#### Work to complete:
Please filter the entries for the word "units" and copy every line that has it.

#### Record set:
Content starts
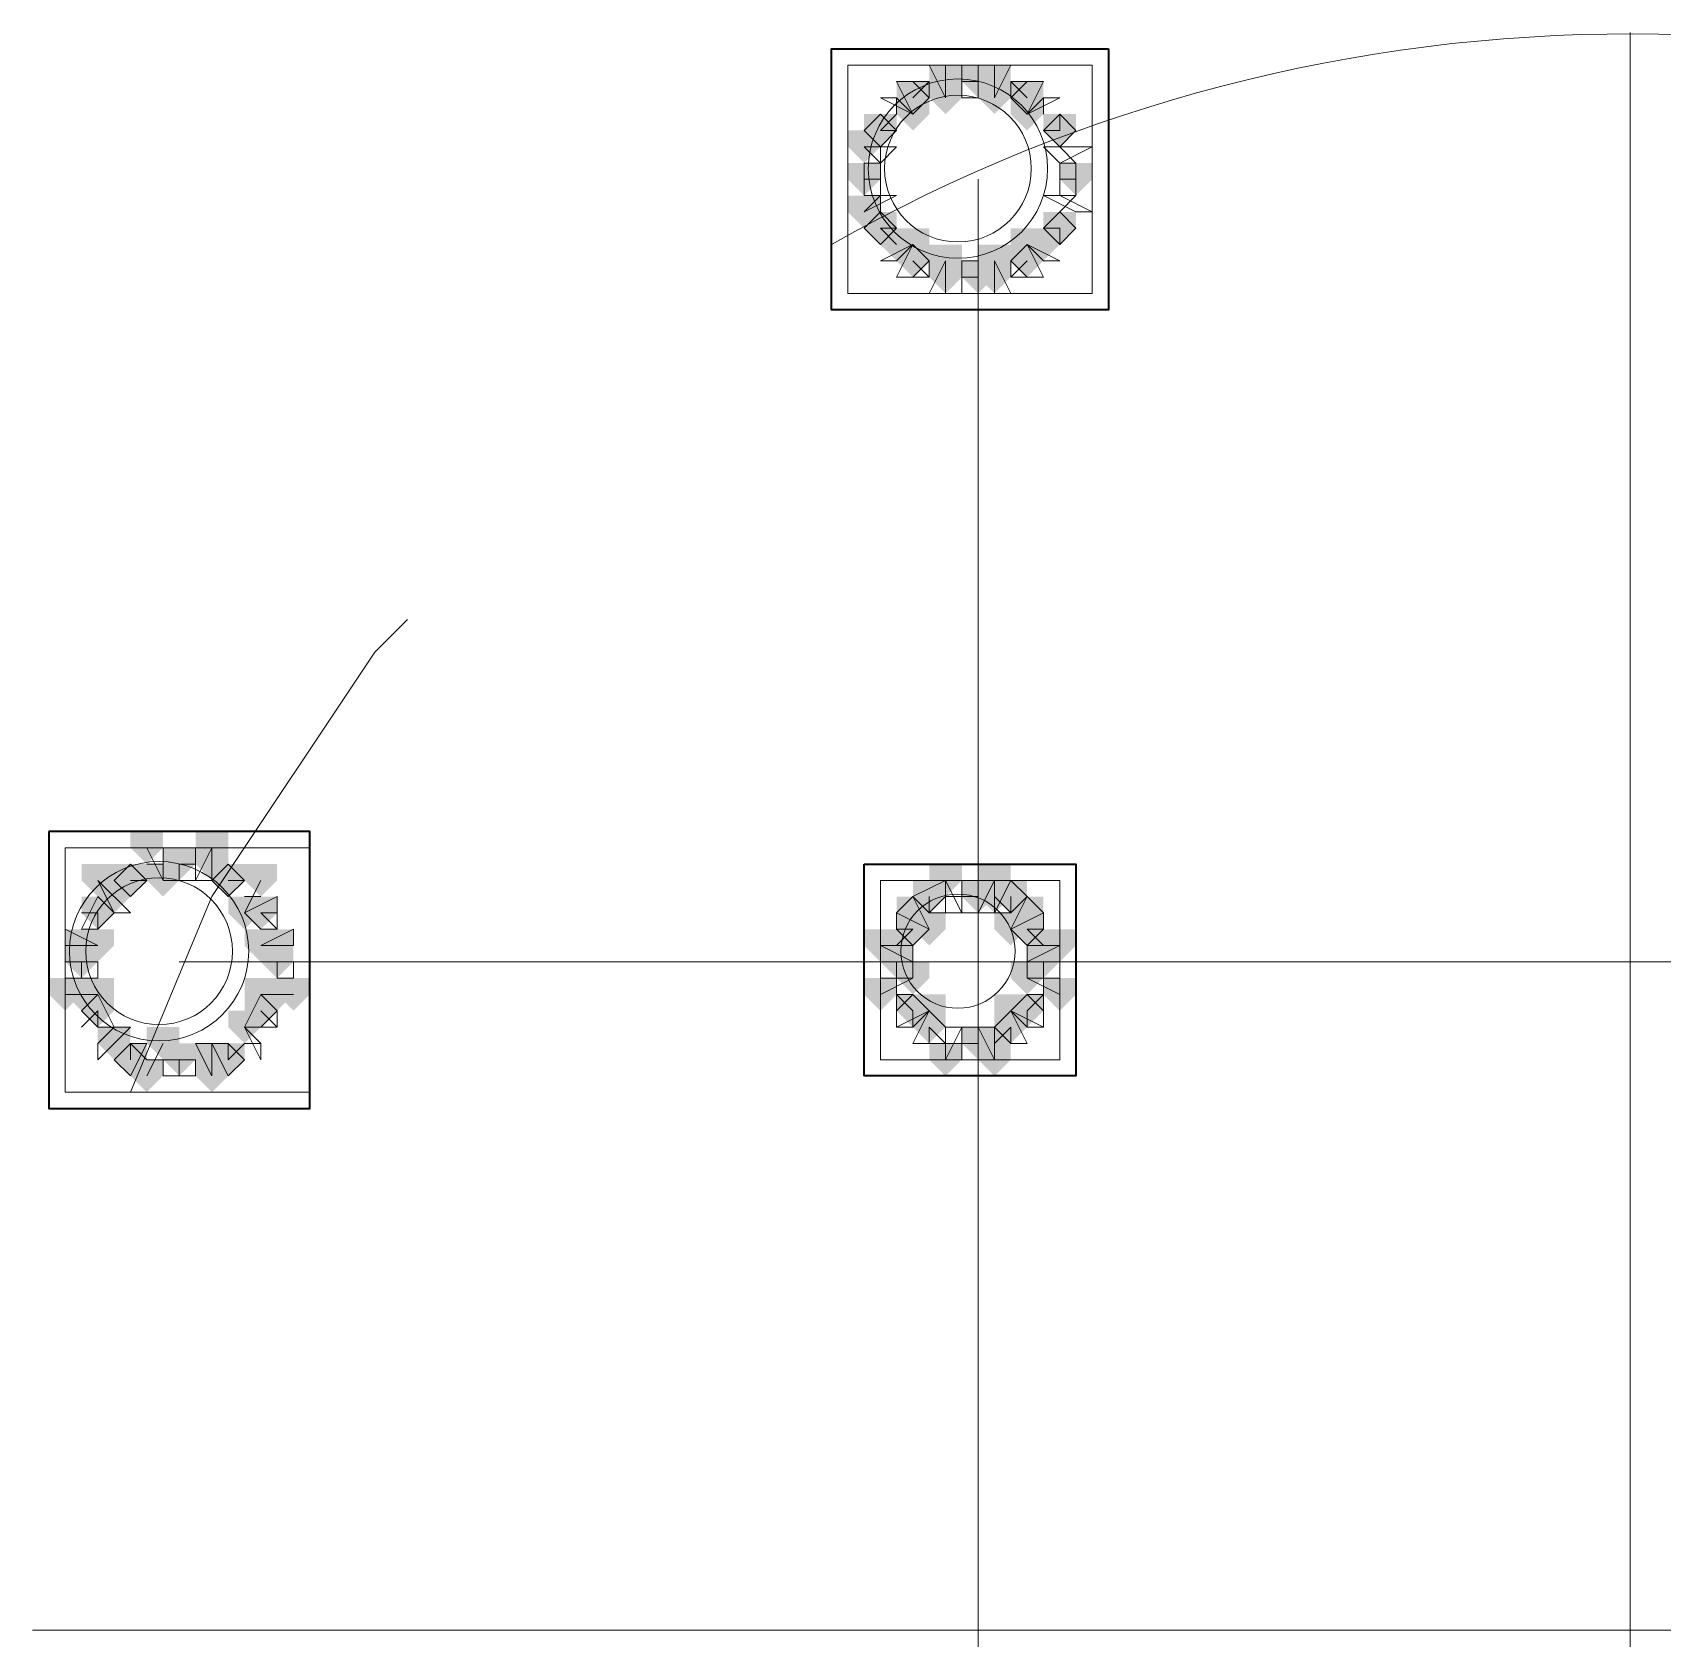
# Model space of a CAD drawing. Header units: millimetres. Extents: x 2315 to 4619, y 1334 to 1897.
# Drawn here: x 3508.02 to 3514.13, y 1541.67 to 1547.68 of the extents above; entities that cross this region are included whole.
import ezdxf

# ---------------------------------------------------------------- set-up
doc = ezdxf.new("R2010")
doc.units = ezdxf.units.MM
for name, color, linetype, true_color in [('PDF_10', 7, 'Continuous', 0x00b85c), ('PDF_AXIS', 7, 'Continuous', 0x00b85c), ('PDF_柱构件', 7, 'Continuous', 0x00b85c), ('PDF_转运站初步方案', 7, 'Continuous', 0x00b85c)]:
    doc.layers.add(name, color=color, linetype=linetype, true_color=true_color)
doc.layers.add('PDF_中心线层', color=1, linetype='Continuous')
doc.layers.add('PDF_粗实线层', color=7, linetype='Continuous')

msp = doc.modelspace()

# ---------------------------------------------------------------- hatches: boundary and pattern name
at = {"layer": 'PDF_10', "transparency": 33554559}
for points in [[(3511.5634, 1547.5601), (3511.5023, 1547.5601), (3511.5023, 1547.499), (3511.5634, 1547.4379), (3511.6244, 1547.499), (3511.6244, 1547.5601)], [(3511.5634, 1547.5601), (3511.5023, 1547.5601), (3511.5023, 1547.499), (3511.5634, 1547.4379), (3511.6244, 1547.499), (3511.6244, 1547.5601)], [(3511.319, 1547.499), (3511.258, 1547.499), (3511.258, 1547.4379), (3511.319, 1547.3768), (3511.3801, 1547.4379), (3511.3801, 1547.499)], [(3511.319, 1547.499), (3511.258, 1547.499), (3511.258, 1547.4379), (3511.319, 1547.3768), (3511.3801, 1547.4379), (3511.3801, 1547.499)], [(3511.7466, 1547.499), (3511.6855, 1547.499), (3511.6855, 1547.4379), (3511.7466, 1547.3768), (3511.8077, 1547.4379), (3511.8077, 1547.499)], [(3511.7466, 1547.499), (3511.6855, 1547.499), (3511.6855, 1547.4379), (3511.7466, 1547.3768), (3511.8077, 1547.4379), (3511.8077, 1547.499)], [(3511.1969, 1547.3768), (3511.1358, 1547.3768), (3511.1358, 1547.3157), (3511.1969, 1547.2547), (3511.258, 1547.3157), (3511.258, 1547.3768)], [(3511.1969, 1547.3768), (3511.1358, 1547.3768), (3511.1358, 1547.3157), (3511.1969, 1547.2547), (3511.258, 1547.3157), (3511.258, 1547.3768)], [(3511.8688, 1547.3768), (3511.8077, 1547.3768), (3511.8077, 1547.3157), (3511.8688, 1547.2547), (3511.9299, 1547.3157), (3511.9299, 1547.3768)], [(3511.8688, 1547.3768), (3511.8077, 1547.3768), (3511.8077, 1547.3157), (3511.8688, 1547.2547), (3511.9299, 1547.3157), (3511.9299, 1547.3768)], [(3511.1358, 1547.1936), (3511.0747, 1547.1936), (3511.0747, 1547.1325), (3511.1358, 1547.0714), (3511.1969, 1547.1325), (3511.1969, 1547.1936)], [(3511.1358, 1547.1936), (3511.0747, 1547.1936), (3511.0747, 1547.1325), (3511.1358, 1547.0714), (3511.1969, 1547.1325), (3511.1969, 1547.1936)], [(3511.9299, 1547.1936), (3511.8688, 1547.1936), (3511.8688, 1547.1325), (3511.9299, 1547.0714), (3511.9909, 1547.1325), (3511.9909, 1547.1936)], [(3511.9299, 1547.1936), (3511.8688, 1547.1936), (3511.8688, 1547.1325), (3511.9299, 1547.0714), (3511.9909, 1547.1325), (3511.9909, 1547.1936)], [(3511.1969, 1547.0103), (3511.1358, 1547.0103), (3511.1358, 1546.9493), (3511.1969, 1546.8882), (3511.258, 1546.9493), (3511.258, 1547.0103)], [(3511.1969, 1547.0103), (3511.1358, 1547.0103), (3511.1358, 1546.9493), (3511.1969, 1546.8882), (3511.258, 1546.9493), (3511.258, 1547.0103)], [(3511.8688, 1547.0103), (3511.8077, 1547.0103), (3511.8077, 1546.9493), (3511.8688, 1546.8882), (3511.9299, 1546.9493), (3511.9299, 1547.0103)], [(3511.8688, 1547.0103), (3511.8077, 1547.0103), (3511.8077, 1546.9493), (3511.8688, 1546.8882), (3511.9299, 1546.9493), (3511.9299, 1547.0103)], [(3511.319, 1546.8882), (3511.258, 1546.8882), (3511.258, 1546.8271), (3511.319, 1546.766), (3511.3801, 1546.8271), (3511.3801, 1546.8882)], [(3511.319, 1546.8882), (3511.258, 1546.8882), (3511.258, 1546.8271), (3511.319, 1546.766), (3511.3801, 1546.8271), (3511.3801, 1546.8882)], [(3511.7466, 1546.8882), (3511.6855, 1546.8882), (3511.6855, 1546.8271), (3511.7466, 1546.766), (3511.8077, 1546.8271), (3511.8077, 1546.8882)], [(3511.7466, 1546.8882), (3511.6855, 1546.8882), (3511.6855, 1546.8271), (3511.7466, 1546.766), (3511.8077, 1546.8271), (3511.8077, 1546.8882)], [(3511.5634, 1546.8271), (3511.5023, 1546.8271), (3511.5023, 1546.766), (3511.5634, 1546.7049), (3511.6244, 1546.766), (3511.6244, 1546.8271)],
Content ends
#### Written reply:
# Model space of a CAD drawing. Header units: millimetres. Extents: x 2315 to 4619, y 1334 to 1897.
doc.units = ezdxf.units.MM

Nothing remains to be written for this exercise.